Josh Taves

No. 92, 94, 99, 91
- Position: Defensive end

Personal information
- Born: May 13, 1972 (age 53) Watsonville, California, U.S.
- Listed height: 6 ft 7 in (2.01 m)
- Listed weight: 280 lb (127 kg)

Career information
- High school: Dennis-Yarmouth (Yarmouth, Massachusetts)
- College: Northeastern
- NFL draft: 1995: undrafted

Career history
- Detroit Lions (1995); Barcelona Dragons (1996); Jacksonville Jaguars (1996)*; New England Patriots (1996–1997); Miami Dolphins (1998)*; Barcelona Dragons (1998); New Orleans Saints (1998)*; Buffalo Destroyers (2000)*; Orlando Predators (2000)*; Oakland Raiders (2000–2001); Carolina Panthers (2002);
- * Offseason and/or practice squad member only

Career NFL statistics
- Tackles: 41
- Sacks: 4
- Interceptions: 1
- Stats at Pro Football Reference

= Josh Taves =

American football player (born 1972)

Josh Heinrich Taves (born May 13, 1972, in Watsonville, California) is an American former professional football player who was a defensive end in the National Football League (NFL).

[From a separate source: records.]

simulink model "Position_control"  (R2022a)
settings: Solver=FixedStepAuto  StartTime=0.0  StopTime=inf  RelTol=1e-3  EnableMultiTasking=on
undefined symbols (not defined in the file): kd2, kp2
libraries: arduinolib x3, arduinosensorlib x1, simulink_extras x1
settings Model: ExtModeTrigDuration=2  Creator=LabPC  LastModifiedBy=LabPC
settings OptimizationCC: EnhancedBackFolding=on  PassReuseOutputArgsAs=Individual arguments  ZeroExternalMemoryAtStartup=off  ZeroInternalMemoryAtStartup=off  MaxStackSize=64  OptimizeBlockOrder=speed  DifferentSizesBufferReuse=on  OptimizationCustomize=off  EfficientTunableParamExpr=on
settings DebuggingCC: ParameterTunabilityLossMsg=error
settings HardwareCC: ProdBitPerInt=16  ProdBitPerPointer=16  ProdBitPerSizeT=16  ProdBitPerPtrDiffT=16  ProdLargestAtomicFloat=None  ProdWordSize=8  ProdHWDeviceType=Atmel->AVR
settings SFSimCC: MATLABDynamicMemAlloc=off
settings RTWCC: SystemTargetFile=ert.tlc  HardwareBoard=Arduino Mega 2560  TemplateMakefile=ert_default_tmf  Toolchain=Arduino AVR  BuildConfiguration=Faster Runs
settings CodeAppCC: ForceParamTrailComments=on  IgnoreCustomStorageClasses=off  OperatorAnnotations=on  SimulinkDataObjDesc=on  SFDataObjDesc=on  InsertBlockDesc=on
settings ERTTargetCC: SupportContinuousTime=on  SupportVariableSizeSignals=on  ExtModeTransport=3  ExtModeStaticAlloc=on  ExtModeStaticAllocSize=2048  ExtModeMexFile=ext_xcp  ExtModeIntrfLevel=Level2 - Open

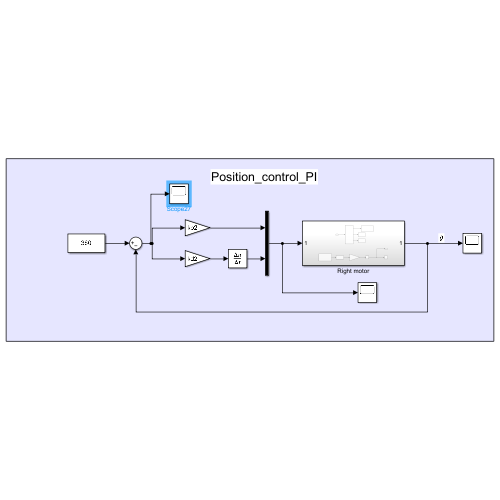
[thumbnail: Simulink's stored preview of the top-level diagram]
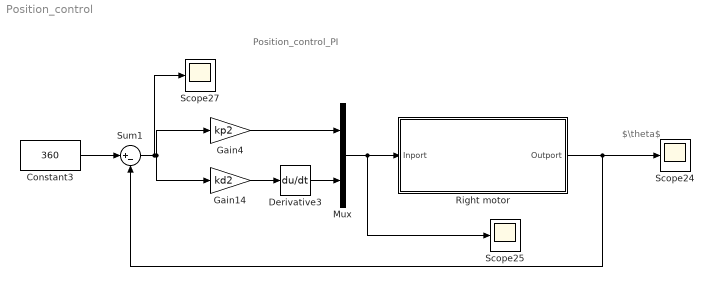
== system Position_control ==
  note: Position_control_PI
  note: $\theta$
  Constant3 : Constant  Value=360
  Derivative3 : Derivative
  Gain14 : Gain  Gain=kd2
  Gain4 : Gain  Gain=kp2
  Mux : Mux  Inputs=2
  Right motor : Subsystem
  Scope24 : Scope
  Scope25 : Scope
  Scope27 : Scope
  Sum1 : Sum  Inputs=|+-
  wires:
  Gain4/1 -> Mux/1
  Derivative3/1 -> Mux/2
  Gain14/1 -> Derivative3/1
  Mux/1 -> Right motor/1(Inport), Scope25/1
  Constant3/1 -> Sum1/1
  Right motor/1(Outport) -> Sum1/2, Scope24/1
  Sum1/1 -> Scope27/1, Gain4/1, Gain14/1

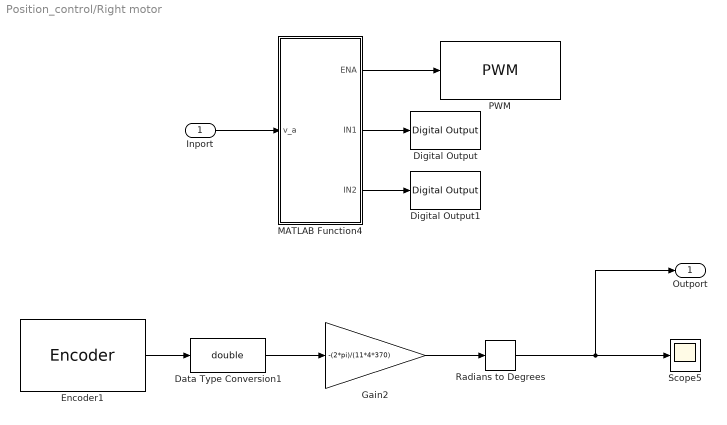
== system Position_control/Right motor ==
  Inport : Inport
  Data Type Conversion1 : DataTypeConversion  OutDataTypeStr=double  SaturateOnIntegerOverflow=off  RndMeth=Floor
  Digital Output : arduinolib/Digital Output  pinNumber=5  Direction=output  blockPlatform=arduino
  Digital Output1 : arduinolib/Digital Output  pinNumber=7  Direction=output  blockPlatform=arduino
  Encoder1 : arduinosensorlib/Encoder  InputA=2  InputB=3  Mode=No reset  SampleTime=-1
      settings: SourceProductBaseCode=ARDUINO
  Gain2 : Gain  Gain=-(2*pi)/(11*4*370)
  MATLAB Function4 : MATLAB Function  TreatAsAtomicUnit=on
  PWM : arduinolib/PWM  pinNumber=4  frequencyType=Default  desiredFrequency=490.2  achievableFrequency=490.2
  Radians to Degrees : simulink_extras/Transformations/Radians to Degrees
  Scope5 : Scope
  Outport : Outport
  wires:
  Data Type Conversion1/1 -> Gain2/1
  Radians to Degrees/1 -> Scope5/1, Outport/1
  MATLAB Function4/3(IN2) -> Digital Output1/1
  MATLAB Function4/2(IN1) -> Digital Output/1
  Gain2/1 -> Radians to Degrees/1
  Encoder1/1 -> Data Type Conversion1/1
  Inport/1 -> MATLAB Function4/1(v_a)
  MATLAB Function4/1(ENA) -> PWM/1

== matlab function Position_control/Right motor/MATLAB Function4 ==
  data: v_a input; ENA output; IN1 output; IN2 output
function [ENA,IN1,IN2] = fcn(v_a)

vmax = 10;
pwm_cal = v_a*254/vmax;

if pwm_cal > 0
    ENA = pwm_cal;
    IN1 = 1;
    IN2 = 0;
elseif pwm_cal < 0
    ENA = abs(pwm_cal);
    IN1 = 0;
    IN2 = 1;
else
    ENA = 0;
    IN1 = 0;
    IN2 = 0;
   
end

He played college football for the Northeastern Huskies.

==Biography==
Taves is Jewish. He grew up in Truro, MA, played football for Dennis-Yarmouth Regional High School, and for Northeastern University, where he twice made the Jewish All-American team.

He was named NFL Europe's 1998 Most Valuable Defensive Player, after he was co-leader in sacks in the league with 9 in 10 games for the Barcelona Dragons.

Taves signed with the Buffalo Destroyers of the Arena Football League for the 2000 season. On March 21, 2000, he was traded to the Orlando Predators for Mile Black.

In the NFL, he played defensive end for 29 games over three seasons for the Oakland Raiders and the Carolina Panthers.